Hasta ahora. Y lo último que iba a dejar que le importunara eran las protestas de las dos prostitutas que estaban en el asiento de atrás del coche de Bosch. Lo único que le preocupaba era su decisión de dejar conducir a Bosch. Tenían dos mujeres bajo custodia y las estaban trasladando en un coche privado. Era una cuestión de seguridad y ella todavía no había decidido cómo iba a manejar la parada en el bar.

– Ya sé lo que haremos -dijo Bosch mientras conducía alejándose de los tres burdeles situados al final de la carretera.

– Yo también -dijo Rachel-. Tú te quedas con ellas mientras yo entro.

– No, eso no funcionará. Necesitarás ayuda. Acabamos de comprobar que no podemos separarnos.

– Entonces, ¿qué?

– Pongo el cierre de niños en las puertas de atrás y no podrán abrir.

– ¿Y qué les va a impedir saltar a la parte de delante y salir?

– Mira, ¿adónde van a ir? No tienen elección, ¿verdad, señoras? -Bosch miró por el espejo retrovisor.

– Que te den por culo -dijo la que respondía al nombre de Mecca-. No puedes hacernos esto. Nosotras no hemos cometido ningún crimen.

– De hecho, como he explicado antes, podemos -dijo Rachel con tono aburrido-. Han sido tomadas en custodia federal como testigos materiales en una investigación criminal. Serán interrogadas formalmente y después puestas en libertad.

– Bueno, pues hazlo ahora y terminemos de una vez.
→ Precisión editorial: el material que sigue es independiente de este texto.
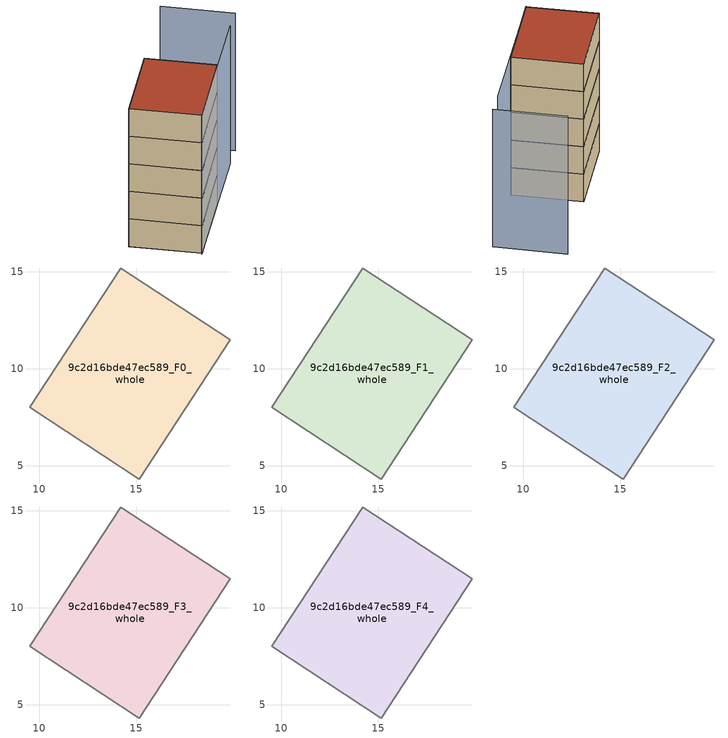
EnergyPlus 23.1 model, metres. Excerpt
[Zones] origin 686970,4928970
9c2d16bde47ec589_F0_whole
 floor ground (EU_floor_Construction): 15.16,4.32 19.85,11.48 14.2,15.18 9.51,8.03 z0
 wall adiabatic (EU_wall_Construction): 14.2,15.18 19.85,11.48 15.16,4.32 9.51,8.03 14.2,15.18 z0:3
9c2d16bde47ec589_F1_whole
 floor to 9c2d16bde47ec589_F0_whole (EU_floor_Construction): 15.16,4.32 19.85,11.48 14.2,15.18 9.51,8.03 z3
 wall adiabatic (EU_wall_Construction): 14.2,15.18 19.85,11.48 15.16,4.32 9.51,8.03 14.2,15.18 z3:6
9c2d16bde47ec589_F2_whole
 floor to 9c2d16bde47ec589_F1_whole (EU_floor_Construction): 15.16,4.32 19.85,11.48 14.2,15.18 9.51,8.03 z6
 wall adiabatic (EU_wall_Construction): 14.2,15.18 19.85,11.48 15.16,4.32 9.51,8.03 14.2,15.18 z6:9
9c2d16bde47ec589_F3_whole
 floor to 9c2d16bde47ec589_F2_whole (EU_floor_Construction): 15.16,4.32 19.85,11.48 14.2,15.18 9.51,8.03 z9
 wall adiabatic (EU_wall_Construction): 14.2,15.18 19.85,11.48 15.16,4.32 9.51,8.03 14.2,15.18 z9:12
9c2d16bde47ec589_F4_whole
 floor to 9c2d16bde47ec589_F3_whole (EU_floor_Construction): 15.16,4.32 19.85,11.48 14.2,15.18 9.51,8.03 z12
 wall adiabatic (EU_wall_Construction): 14.2,15.18 19.85,11.48 15.16,4.32 9.51,8.03 14.2,15.18 z12:15
 roof outside (EU_roof_Construction): 19.85,11.48 15.16,4.32 9.51,8.03 14.2,15.18 z15
shading: 15.09,4.2 23.54,16.97 / 24.82,18.75 19.07,22.57 z0:15
[Building]
EU S2 Campaign: North Axis=0; Terrain=City; Solar Distribution=FullExterior
[Site:Location]
Bologna: Latitude=44.5; Longitude=11.25; Time Zone=1; Elevation=37
[SizingPeriod:WeatherFileDays]
AnnualSizingPeriod: Begin Month=1; Begin Day of Month=1; End Month=12; End Day of Month=31; Day of Week for Start Day=Monday; Use Weather File Daylight Saving Period=No; Use Weather File Rain and Snow Indicators=No
[MATERIAL]
EU_InternalMass_Material: Roughness=MediumRough; Thickness=0.1; Conductivity=1; Density=1800; Specific Heat=900; Thermal Absorptance=0.9; Solar Absorptance=0.7; Visible Absorptance=0.7
[MATERIAL:NOMASS] Roughness=MediumRough; Thermal Absorptance=0.9; Solar Absorptance=0.7; Visible Absorptance=0.7
Name | Thermal Resistance
EU_wall_NoMass | 0.905828
EU_roof_NoMass | 0.37593
EU_floor_NoMass | 0.67114
[CONSTRUCTION]
EU_wall_Construction: EU_wall_NoMass
EU_roof_Construction: EU_roof_NoMass
EU_floor_Construction: EU_floor_NoMass
EU_InternalMass_Construction: EU_InternalMass_Material
[ZONE] Type=1; Multiplier=1; Ceiling Height=autocalculate; Floor Area=autocalculate; Part of Total Floor Area=Yes
Name | Volume
9c2d16bde47ec589_F0_whole | 173.492
9c2d16bde47ec589_F1_whole; 9c2d16bde47ec589_F2_whole; 9c2d16bde47ec589_F3_whole; 9c2d16bde47ec589_F4_whole | 173.491
[INTERNALMASS] Construction=EU_InternalMass_Construction; Surface Area=57.8304
Name | Zone or ZoneList
9c2d16bde47ec589_F0_whole_EU_InternalMass | 9c2d16bde47ec589_F0_whole
9c2d16bde47ec589_F1_whole_EU_InternalMass | 9c2d16bde47ec589_F1_whole
9c2d16bde47ec589_F2_whole_EU_InternalMass | 9c2d16bde47ec589_F2_whole
9c2d16bde47ec589_F3_whole_EU_InternalMass | 9c2d16bde47ec589_F3_whole
9c2d16bde47ec589_F4_whole_EU_InternalMass | 9c2d16bde47ec589_F4_whole
[OTHEREQUIPMENT] Fuel Type=Electricity; Design Level Calculation Method=Watts/Area; Power per Zone Floor Area=1; Fraction Latent=0; Fraction Radiant=0; Fraction Lost=0; Carbon Dioxide Generation Rate=0; EndUse Subcategory=EU_Step8_InternalGains
Name | Zone or ZoneList or Space or SpaceList | Schedule
EU_Step8_InternalGain_9c2d16bde47ec589_F0_whole_f000 | 9c2d16bde47ec589_F0_whole | EU_Step8_GainSchedule_9c2d16bde47ec589_F0_whole_f000
EU_Step8_InternalGain_9c2d16bde47ec589_F1_whole_f000 | 9c2d16bde47ec589_F1_whole | EU_Step8_GainSchedule_9c2d16bde47ec589_F1_whole_f000
EU_Step8_InternalGain_9c2d16bde47ec589_F2_whole_f000 | 9c2d16bde47ec589_F2_whole | EU_Step8_GainSchedule_9c2d16bde47ec589_F2_whole_f000
EU_Step8_InternalGain_9c2d16bde47ec589_F3_whole_f000 | 9c2d16bde47ec589_F3_whole | EU_Step8_GainSchedule_9c2d16bde47ec589_F3_whole_f000
EU_Step8_InternalGain_9c2d16bde47ec589_F4_whole_f000 | 9c2d16bde47ec589_F4_whole | EU_Step8_GainSchedule_9c2d16bde47ec589_F4_whole_f000
[ZONEVENTILATION:DESIGNFLOWRATE] Schedule=EU_AlwaysOn; Design Flow Rate Calculation Method=AirChanges/Hour; Air Changes per Hour=0.73129; Ventilation Type=Natural; Fan Pressure Rise=0; Fan Total Efficiency=1; Constant Term Coefficient=1; Temperature Term Coefficient=0; Velocity Term Coefficient=0; Velocity Squared Term Coefficient=0; Minimum Indoor Temperature=-100; Maximum Indoor Temperature=100; Delta Temperature=-100; Minimum Outdoor Temperature=-100; Maximum Outdoor Temperature=100; Maximum Wind Speed=40
Name | Zone or ZoneList or Space or SpaceList
EU_ConstantAir_9c2d16bde47ec589_F0_whole | 9c2d16bde47ec589_F0_whole
EU_ConstantAir_9c2d16bde47ec589_F1_whole | 9c2d16bde47ec589_F1_whole
EU_ConstantAir_9c2d16bde47ec589_F2_whole | 9c2d16bde47ec589_F2_whole
EU_ConstantAir_9c2d16bde47ec589_F3_whole | 9c2d16bde47ec589_F3_whole
EU_ConstantAir_9c2d16bde47ec589_F4_whole | 9c2d16bde47ec589_F4_whole
[HVACTEMPLATE:THERMOSTAT] Constant Heating Setpoint=20; Constant Cooling Setpoint=50
EU_HeatOnly_9c2d16bde47ec589_F0_whole; EU_HeatOnly_9c2d16bde47ec589_F1_whole; EU_HeatOnly_9c2d16bde47ec589_F2_whole; EU_HeatOnly_9c2d16bde47ec589_F3_whole; EU_HeatOnly_9c2d16bde47ec589_F4_whole
[HVACTEMPLATE:ZONE:IDEALLOADSAIRSYSTEM] System Availability Schedule=EU_AlwaysOn; Maximum Heating Supply Air Temperature=50; Minimum Cooling Supply Air Temperature=13; Maximum Heating Supply Air Humidity Ratio=0.0156; Minimum Cooling Supply Air Humidity Ratio=0.0077; Heating Limit=NoLimit; Cooling Limit=NoLimit; Heating Availability Schedule=EU_AlwaysOn; Cooling Availability Schedule=EU_CoolingOff; Dehumidification Control Type=ConstantSensibleHeatRatio; Cooling Sensible Heat Ratio=0.7; Dehumidification Setpoint=60; Humidification Control Type=None; Humidification Setpoint=30; Outdoor Air Method=None; Outdoor Air Flow Rate per Person=0.00944; Outdoor Air Flow Rate per Zone Floor Area=0; Outdoor Air Flow Rate per Zone=0; Demand Controlled Ventilation Type=None; Outdoor Air Economizer Type=NoEconomizer; Heat Recovery Type=None; Sensible Heat Recovery Effectiveness=0.7; Latent Heat Recovery Effectiveness=0.65
Name | Template Thermostat
9c2d16bde47ec589_F0_whole | EU_HeatOnly_9c2d16bde47ec589_F0_whole
9c2d16bde47ec589_F1_whole | EU_HeatOnly_9c2d16bde47ec589_F1_whole
9c2d16bde47ec589_F2_whole | EU_HeatOnly_9c2d16bde47ec589_F2_whole
9c2d16bde47ec589_F3_whole | EU_HeatOnly_9c2d16bde47ec589_F3_whole
9c2d16bde47ec589_F4_whole | EU_HeatOnly_9c2d16bde47ec589_F4_whole
[SIZING:ZONE] Zone Cooling Design Supply Air Temperature Input Method=SupplyAirTemperature; Zone Cooling Design Supply Air Temperature=13; Zone Heating Design Supply Air Temperature Input Method=SupplyAirTemperature; Zone Heating Design Supply Air Temperature=50; Zone Cooling Design Supply Air Humidity Ratio=0.008; Zone Heating Design Supply Air Humidity Ratio=0.008; Cooling Design Air Flow Method=DesignDay; Cooling Design Air Flow Rate=0; Cooling Minimum Air Flow per Zone Floor Area=0.000762; Cooling Minimum Air Flow=0; Cooling Minimum Air Flow Fraction=0.2; Heating Design Air Flow Method=DesignDay; Heating Design Air Flow Rate=0; Heating Maximum Air Flow per Zone Floor Area=0.002032; Heating Maximum Air Flow=0.141576; Heating Maximum Air Flow Fraction=0.3; Account for Dedicated Outdoor Air System=No; Dedicated Outdoor Air System Control Strategy=NeutralSupplyAir; Dedicated Outdoor Air Low Setpoint Temperature for Design=autosize; Dedicated Outdoor Air High Setpoint Temperature for Design=autosize; Zone Load Sizing Method=Sensible Load Only No Latent Load; Zone Latent Cooling Design Supply Air Humidity Ratio Input Method=HumidityRatioDifference; Zone Cooling Design Supply Air Humidity Ratio Difference=0.005; Zone Latent Heating Design Supply Air Humidity Ratio Input Method=HumidityRatioDifference; Zone Humidification Design Supply Air Humidity Ratio Difference=0.005
9c2d16bde47ec589_F0_whole; 9c2d16bde47ec589_F1_whole; 9c2d16bde47ec589_F2_whole; 9c2d16bde47ec589_F3_whole; 9c2d16bde47ec589_F4_whole
[SCHEDULE:CONSTANT]
Name | Hourly Value
EU_AlwaysOn | 1
EU_CoolingOff | 0
[SCHEDULE:FILE] Column Number=1; Rows to Skip at Top=0; Number of Hours of Data=8760; Column Separator=Comma; Interpolate to Timestep=No; Minutes per Item=60; Adjust Schedule for Daylight Savings=Yes
Name | File
EU_Step8_GainSchedule_9c2d16bde47ec589_F0_whole_f000 | ../../schedules/9c2d16bde47ec589/9c2d16bde47ec589_F0_whole_f000_gain.csv
EU_Step8_GainSchedule_9c2d16bde47ec589_F1_whole_f000 | ../../schedules/9c2d16bde47ec589/9c2d16bde47ec589_F1_whole_f000_gain.csv
EU_Step8_GainSchedule_9c2d16bde47ec589_F2_whole_f000 | ../../schedules/9c2d16bde47ec589/9c2d16bde47ec589_F2_whole_f000_gain.csv
EU_Step8_GainSchedule_9c2d16bde47ec589_F3_whole_f000 | ../../schedules/9c2d16bde47ec589/9c2d16bde47ec589_F3_whole_f000_gain.csv
EU_Step8_GainSchedule_9c2d16bde47ec589_F4_whole_f000 | ../../schedules/9c2d16bde47ec589/9c2d16bde47ec589_F4_whole_f000_gain.csv

Rachel se había sorprendido al mirar la licencia de conducir de la mujer y ver que Mecca era su verdadero nombre. Mecca McIntyre. Menudo nombre.

– Bueno, Mecca, no podemos. Ya se lo he explicado.

Bosch aparcó en el estacionamiento de gravilla que había delante del bar. No había ningún otro coche. Bajó un par de centímetros las ventanillas y cerró el Mercedes.

– Voy a poner la alarma -dijo-. Si saltáis y abrís la puerta, se disparará la alarma. Entonces saldremos y os atraparemos. Así que no os molestéis, ¿de acuerdo? No tardaremos mucho.

Rachel salió y cerró la puerta. Miró de nuevo su teléfono móvil y comprobó que todavía no tenía cobertura. Vio que Bosch se fijaba en el suyo y negaba con la cabeza. Decidió que si había un teléfono en el bar llamaría a la oficina de campo de Las Vegas para informar de lo ocurrido. Suponía que Cherie Dei estaría enfadada y agradecida al mismo tiempo.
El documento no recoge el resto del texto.